I doubt that any writer living in the United States today could publish a book as unremittingly macho as ''Dirty Havana Trilogy.'' Let me correct that: I doubt that any writer besides Iron Joe Bob Briggs could produce a text so unremittingly macho and get it published. That Gutiérrez lives in a society that is at once courtly and chivalrous toward women while at the same time brutally chauvinistic -- and isolated from the prevailing currents of political correctness and sensitive guyness -- lets him take liberties most contemporary writers shy away from.

The setting also allows the book to transcend its occasional raunchy extremes. Havana is just exotic enough that some of the salacious, misogynist material is softened or gauzed-over by a sort of rough-trade magic realism. If the same tales were set in Miami or New Orleans or even New York they would come across as gratuitously vulgar -- they'd be seen as a kind of ''Cuban Psycho.'' But ''Dirty Havana Trilogy'' is not only entertaining; it's also curiously uplifting as it illuminates the darker places of a society on the brink. On the brink of what, Gutiérrez has no idea. And he doesn't really care. Because there is always the promise of that beautiful mulatto woman.


Dirty Havana Trilogy
By PEDRO JUAN GUTIÉRREZ. Translated by NATASHA WIMMER.


MAROONED IN NO-MAN'S-LAND

1:1 / New Things in My Life

Early that morning, there was a pink postcard sticking out of my mailbox, from Mark Pawson in London. In big letters he had written, "June 5, 1993, some bastard stole the front wheel of my bicycle." A year later, and that business was still bothering him. I thought about the little club near Mark's apartment, where every night Rodolfo would strip and do a sexy dance while I banged out weird tropical-improvisational music on bongo drums, shaking rattles, making guttural noises, trying anything else I could think of. We had fun, drank free beer, and got paid twenty-five pounds a night. Too bad it couldn't have lasted longer. But black dancers were a hot commodity, and Rodolfo left for Liverpool to teach modern dance. I was broke, and I stayed at Mark's until I got bored and came back.

Now I was training myself to take nothing seriously. A man's allowed to make lots of small mistakes, and there's nothing wrong with that. But if the mistakes are big ones and they weigh him down, his only solution is to stop taking himself seriously. It's the only way to avoid suffering—suffering, prolonged, can be fatal.

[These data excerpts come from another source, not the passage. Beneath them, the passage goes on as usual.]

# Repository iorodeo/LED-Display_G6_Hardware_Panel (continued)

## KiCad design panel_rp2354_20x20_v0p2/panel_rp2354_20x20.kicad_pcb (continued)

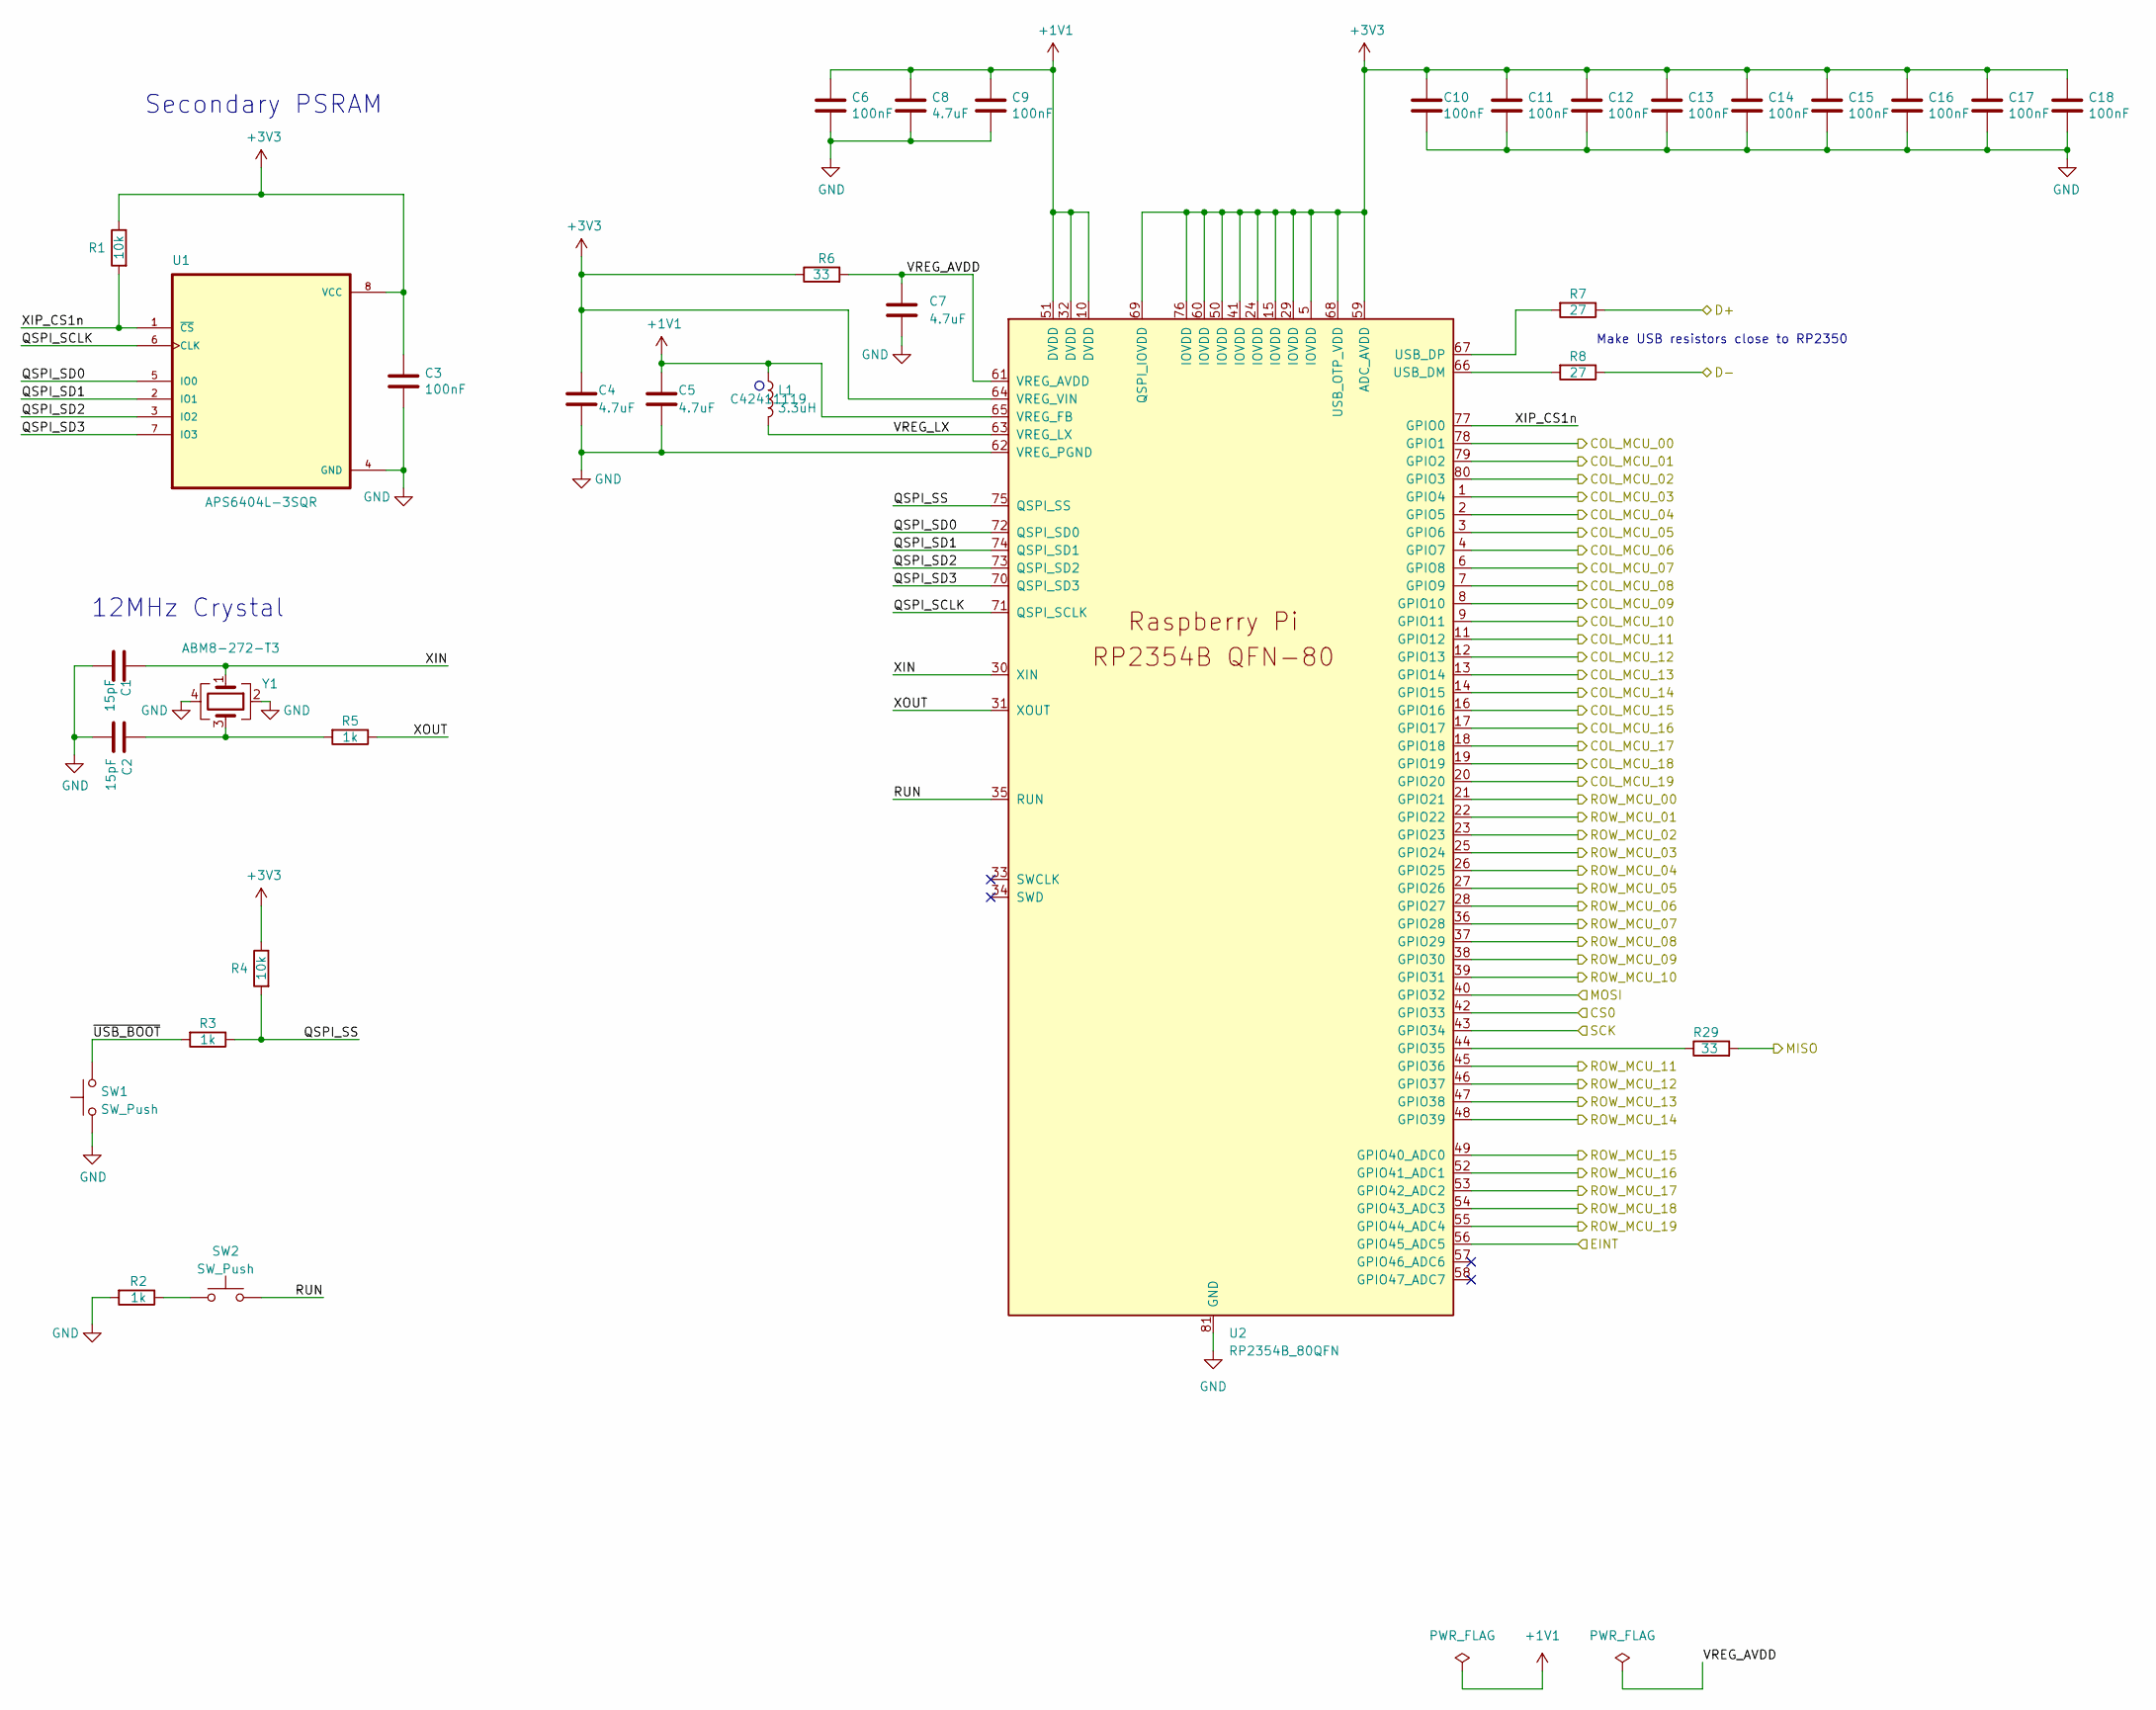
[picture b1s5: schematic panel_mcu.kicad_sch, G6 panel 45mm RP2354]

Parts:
C1, C2: 15pF; C_0201_0603Metric; LCSC Part # C541259
C3, C6, C9, C10, C11, C12, C13, C14, C15, C16, C17, C18: 100nF; C_0201_0603Metric; LCSC Part # C76939
C4, C5: 4.7uF; C_0402_1005Metric_small_pads; LCSC Part # C368809
C7, C8: 4.7uF; C_0402_1005Metric; LCSC Part # C368809
L1: 3.3uH; L_pol_2016; LCSC Part # C42411119
R1, R4: 10k; R_0201_0603Metric; LCSC Part # C473048
R2, R3, R5: 1k; R_0201_0603Metric; LCSC Part # C270365
R6, R29: 33; R_0201_0603Metric; LCSC Part # C295794
R7, R8: 27; R_0201_0603Metric; LCSC Part # C473051
SW1, SW2: SW_Push; TS-1088-AR02016; LCSC Part # C720477
U1: APS6404L-3SQR; flashmem_PSON50P300X200X60-9N; LCSC Part # C3040877
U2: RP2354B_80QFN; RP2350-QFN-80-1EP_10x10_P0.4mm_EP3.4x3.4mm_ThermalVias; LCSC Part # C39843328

I stuck the postcard up behind the door, put on a tape of Armstrong's "Snake Rag," felt much better, and stopped thinking. I don't have to think while I'm listening to music. But jazz like this cheers me up too and makes me feel like dancing. I had a cup of tea for breakfast, took a shit, read some gay poems by Allen Ginsberg, and was amazed by "Sphincter" and "Personals ad." I hope my good old asshole holds out. But I couldn't be amazed for long, because two very young friends of mine showed up, wanting to know if I thought it would be a good idea to launch a raft from Cabo San Antonio heading for Cabo Catoche, or whether it would be better to take off north directly for Miami. Those were the days of the exodus, the summer of '94. The day before, a girlfriend had called me to say, "What'll we do now that all the men and K*ds are leaving? It's going to be hard." Things weren't like that, exactly. Lots of people were staying, the ones who couldn't live anywhere else.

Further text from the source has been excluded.